Saved data entries
+--

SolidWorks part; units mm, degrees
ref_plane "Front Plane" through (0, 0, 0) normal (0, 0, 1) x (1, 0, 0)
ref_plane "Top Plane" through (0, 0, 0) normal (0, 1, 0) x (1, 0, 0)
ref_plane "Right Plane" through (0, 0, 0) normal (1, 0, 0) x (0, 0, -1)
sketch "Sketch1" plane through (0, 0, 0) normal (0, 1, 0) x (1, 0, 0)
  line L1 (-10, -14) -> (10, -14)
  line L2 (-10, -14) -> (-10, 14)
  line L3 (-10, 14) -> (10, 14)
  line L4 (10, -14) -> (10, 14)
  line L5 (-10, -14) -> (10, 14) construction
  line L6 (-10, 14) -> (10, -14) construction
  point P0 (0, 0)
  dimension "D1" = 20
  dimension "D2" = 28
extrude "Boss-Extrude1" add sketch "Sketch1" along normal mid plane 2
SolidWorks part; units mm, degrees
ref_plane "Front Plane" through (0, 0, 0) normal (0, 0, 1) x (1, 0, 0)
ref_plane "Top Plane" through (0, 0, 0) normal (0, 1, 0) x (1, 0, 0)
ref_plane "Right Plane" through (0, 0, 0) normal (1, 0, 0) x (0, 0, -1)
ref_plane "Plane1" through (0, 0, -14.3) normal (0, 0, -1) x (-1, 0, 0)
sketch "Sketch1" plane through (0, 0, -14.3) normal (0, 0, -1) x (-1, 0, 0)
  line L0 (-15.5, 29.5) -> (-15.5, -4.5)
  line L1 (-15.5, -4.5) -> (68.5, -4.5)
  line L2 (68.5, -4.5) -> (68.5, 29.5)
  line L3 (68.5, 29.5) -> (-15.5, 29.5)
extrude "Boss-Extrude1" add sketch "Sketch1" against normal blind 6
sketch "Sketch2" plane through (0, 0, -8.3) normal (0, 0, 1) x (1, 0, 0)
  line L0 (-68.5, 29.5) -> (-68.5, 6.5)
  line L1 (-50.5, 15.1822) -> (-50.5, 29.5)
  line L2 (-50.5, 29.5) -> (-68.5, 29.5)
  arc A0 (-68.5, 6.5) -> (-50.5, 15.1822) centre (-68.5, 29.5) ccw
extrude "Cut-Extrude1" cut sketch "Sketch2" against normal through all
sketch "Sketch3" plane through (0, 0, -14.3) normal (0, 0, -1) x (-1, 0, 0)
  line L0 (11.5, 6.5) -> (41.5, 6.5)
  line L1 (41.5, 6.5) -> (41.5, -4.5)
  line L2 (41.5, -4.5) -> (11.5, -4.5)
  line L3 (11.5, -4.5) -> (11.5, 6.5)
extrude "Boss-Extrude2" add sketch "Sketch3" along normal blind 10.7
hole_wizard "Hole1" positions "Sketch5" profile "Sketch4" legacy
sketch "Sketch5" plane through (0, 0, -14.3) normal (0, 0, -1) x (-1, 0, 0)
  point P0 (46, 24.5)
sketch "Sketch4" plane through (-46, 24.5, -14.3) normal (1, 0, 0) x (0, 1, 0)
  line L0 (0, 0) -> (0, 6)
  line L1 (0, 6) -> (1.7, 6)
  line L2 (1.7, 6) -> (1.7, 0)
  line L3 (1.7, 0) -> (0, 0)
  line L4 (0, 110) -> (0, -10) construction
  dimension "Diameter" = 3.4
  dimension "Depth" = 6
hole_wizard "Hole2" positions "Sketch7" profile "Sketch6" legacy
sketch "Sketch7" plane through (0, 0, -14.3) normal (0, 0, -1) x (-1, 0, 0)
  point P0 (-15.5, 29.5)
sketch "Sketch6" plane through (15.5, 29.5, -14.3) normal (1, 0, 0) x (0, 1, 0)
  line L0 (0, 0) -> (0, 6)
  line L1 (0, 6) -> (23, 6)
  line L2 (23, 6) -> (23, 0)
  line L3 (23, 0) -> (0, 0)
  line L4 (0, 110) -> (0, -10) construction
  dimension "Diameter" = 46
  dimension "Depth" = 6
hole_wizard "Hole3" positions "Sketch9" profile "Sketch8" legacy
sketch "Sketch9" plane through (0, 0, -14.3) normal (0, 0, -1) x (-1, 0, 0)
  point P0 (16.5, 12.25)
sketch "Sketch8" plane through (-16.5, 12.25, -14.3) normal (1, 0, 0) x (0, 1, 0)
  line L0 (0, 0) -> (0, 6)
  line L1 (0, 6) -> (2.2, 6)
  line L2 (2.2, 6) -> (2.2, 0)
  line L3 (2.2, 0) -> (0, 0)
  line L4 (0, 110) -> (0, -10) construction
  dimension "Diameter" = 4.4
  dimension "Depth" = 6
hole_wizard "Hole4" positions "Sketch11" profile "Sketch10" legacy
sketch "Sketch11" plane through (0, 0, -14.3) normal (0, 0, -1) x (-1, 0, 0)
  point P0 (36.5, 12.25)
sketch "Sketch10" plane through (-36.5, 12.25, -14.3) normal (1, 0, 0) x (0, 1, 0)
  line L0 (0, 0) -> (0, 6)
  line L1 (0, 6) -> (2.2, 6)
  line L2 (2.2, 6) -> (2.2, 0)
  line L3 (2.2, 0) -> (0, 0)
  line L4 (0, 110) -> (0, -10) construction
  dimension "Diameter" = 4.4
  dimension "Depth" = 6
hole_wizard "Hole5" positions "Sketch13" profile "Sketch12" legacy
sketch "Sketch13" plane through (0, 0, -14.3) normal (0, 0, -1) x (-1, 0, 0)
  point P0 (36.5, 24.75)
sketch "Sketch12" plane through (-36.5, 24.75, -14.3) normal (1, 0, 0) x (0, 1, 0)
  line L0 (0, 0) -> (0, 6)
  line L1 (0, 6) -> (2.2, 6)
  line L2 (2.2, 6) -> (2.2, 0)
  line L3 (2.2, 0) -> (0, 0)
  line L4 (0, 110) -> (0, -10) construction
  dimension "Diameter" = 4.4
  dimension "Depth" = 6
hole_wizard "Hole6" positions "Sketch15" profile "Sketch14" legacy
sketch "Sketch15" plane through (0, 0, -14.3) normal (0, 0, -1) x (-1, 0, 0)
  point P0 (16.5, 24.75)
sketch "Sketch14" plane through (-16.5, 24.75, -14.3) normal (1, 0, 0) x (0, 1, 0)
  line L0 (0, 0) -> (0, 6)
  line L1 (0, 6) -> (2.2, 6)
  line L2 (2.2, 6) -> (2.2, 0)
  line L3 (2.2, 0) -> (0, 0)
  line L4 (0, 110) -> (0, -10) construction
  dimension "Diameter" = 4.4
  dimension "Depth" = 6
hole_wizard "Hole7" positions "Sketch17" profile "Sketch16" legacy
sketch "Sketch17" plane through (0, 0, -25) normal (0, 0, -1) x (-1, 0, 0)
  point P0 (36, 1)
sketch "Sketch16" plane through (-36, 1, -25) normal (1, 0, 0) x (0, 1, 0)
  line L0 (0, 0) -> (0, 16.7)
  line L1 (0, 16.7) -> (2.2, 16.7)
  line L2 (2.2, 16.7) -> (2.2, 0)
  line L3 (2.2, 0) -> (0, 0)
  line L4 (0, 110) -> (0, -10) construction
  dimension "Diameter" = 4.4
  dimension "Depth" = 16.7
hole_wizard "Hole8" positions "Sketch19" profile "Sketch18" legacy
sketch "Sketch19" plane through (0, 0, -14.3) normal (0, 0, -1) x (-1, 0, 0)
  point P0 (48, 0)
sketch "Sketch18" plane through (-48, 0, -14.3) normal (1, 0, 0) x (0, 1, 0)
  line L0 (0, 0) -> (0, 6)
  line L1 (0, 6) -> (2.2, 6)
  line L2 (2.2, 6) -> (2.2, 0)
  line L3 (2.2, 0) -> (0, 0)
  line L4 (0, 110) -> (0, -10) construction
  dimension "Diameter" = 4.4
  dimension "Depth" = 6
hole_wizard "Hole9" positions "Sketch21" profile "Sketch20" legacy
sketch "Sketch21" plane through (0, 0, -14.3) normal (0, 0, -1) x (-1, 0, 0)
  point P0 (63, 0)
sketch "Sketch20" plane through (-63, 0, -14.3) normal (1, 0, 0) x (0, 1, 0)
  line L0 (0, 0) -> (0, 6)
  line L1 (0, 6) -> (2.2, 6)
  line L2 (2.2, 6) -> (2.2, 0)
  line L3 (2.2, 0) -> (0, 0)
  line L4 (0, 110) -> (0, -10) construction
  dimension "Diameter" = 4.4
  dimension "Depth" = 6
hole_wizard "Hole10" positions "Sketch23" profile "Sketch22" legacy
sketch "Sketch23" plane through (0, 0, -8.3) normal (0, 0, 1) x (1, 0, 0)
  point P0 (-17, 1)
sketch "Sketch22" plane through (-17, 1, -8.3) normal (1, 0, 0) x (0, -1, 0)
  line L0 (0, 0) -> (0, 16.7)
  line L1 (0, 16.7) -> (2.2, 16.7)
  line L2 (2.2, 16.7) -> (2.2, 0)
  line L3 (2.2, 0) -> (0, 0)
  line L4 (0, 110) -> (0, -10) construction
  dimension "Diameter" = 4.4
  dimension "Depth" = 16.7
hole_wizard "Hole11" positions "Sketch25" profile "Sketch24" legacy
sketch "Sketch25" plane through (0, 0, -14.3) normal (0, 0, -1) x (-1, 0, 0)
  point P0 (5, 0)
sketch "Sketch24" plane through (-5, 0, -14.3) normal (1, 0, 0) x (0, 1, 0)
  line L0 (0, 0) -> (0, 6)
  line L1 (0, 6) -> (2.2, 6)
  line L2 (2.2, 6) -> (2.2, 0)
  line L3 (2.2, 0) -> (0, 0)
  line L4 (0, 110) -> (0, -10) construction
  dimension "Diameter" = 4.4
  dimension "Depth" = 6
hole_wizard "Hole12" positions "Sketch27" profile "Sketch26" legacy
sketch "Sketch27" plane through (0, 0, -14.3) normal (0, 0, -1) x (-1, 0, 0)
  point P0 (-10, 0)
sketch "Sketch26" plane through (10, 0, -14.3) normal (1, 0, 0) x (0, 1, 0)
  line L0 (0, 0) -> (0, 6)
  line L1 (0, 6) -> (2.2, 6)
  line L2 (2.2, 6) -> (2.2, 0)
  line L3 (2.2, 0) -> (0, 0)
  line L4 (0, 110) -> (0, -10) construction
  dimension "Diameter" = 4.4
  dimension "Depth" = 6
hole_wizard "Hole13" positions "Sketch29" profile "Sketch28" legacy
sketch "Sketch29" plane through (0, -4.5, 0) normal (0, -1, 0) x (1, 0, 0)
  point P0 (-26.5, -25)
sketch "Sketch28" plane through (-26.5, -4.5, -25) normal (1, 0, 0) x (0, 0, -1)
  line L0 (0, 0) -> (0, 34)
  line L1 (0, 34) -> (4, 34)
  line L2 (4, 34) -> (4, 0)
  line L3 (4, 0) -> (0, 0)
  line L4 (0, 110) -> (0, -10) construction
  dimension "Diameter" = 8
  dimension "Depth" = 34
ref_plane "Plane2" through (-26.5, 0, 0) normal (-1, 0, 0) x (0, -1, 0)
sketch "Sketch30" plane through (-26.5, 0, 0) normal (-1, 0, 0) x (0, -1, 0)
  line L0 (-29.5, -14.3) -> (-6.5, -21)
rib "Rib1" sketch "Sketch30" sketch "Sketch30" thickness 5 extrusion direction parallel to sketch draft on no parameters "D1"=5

+--

• Assignment: The lines above starting at the one that contains "point P0 (-26.5, -25)" and ending at the one that contains "line L3 (4, 0) -> (0, 0)" must be transcribed exactly, and no other lines may appear.

• Written response:
  point P0 (-26.5, -25)
sketch "Sketch28" plane through (-26.5, -4.5, -25) normal (1, 0, 0) x (0, 0, -1)
  line L0 (0, 0) -> (0, 34)
  line L1 (0, 34) -> (4, 34)
  line L2 (4, 34) -> (4, 0)
  line L3 (4, 0) -> (0, 0)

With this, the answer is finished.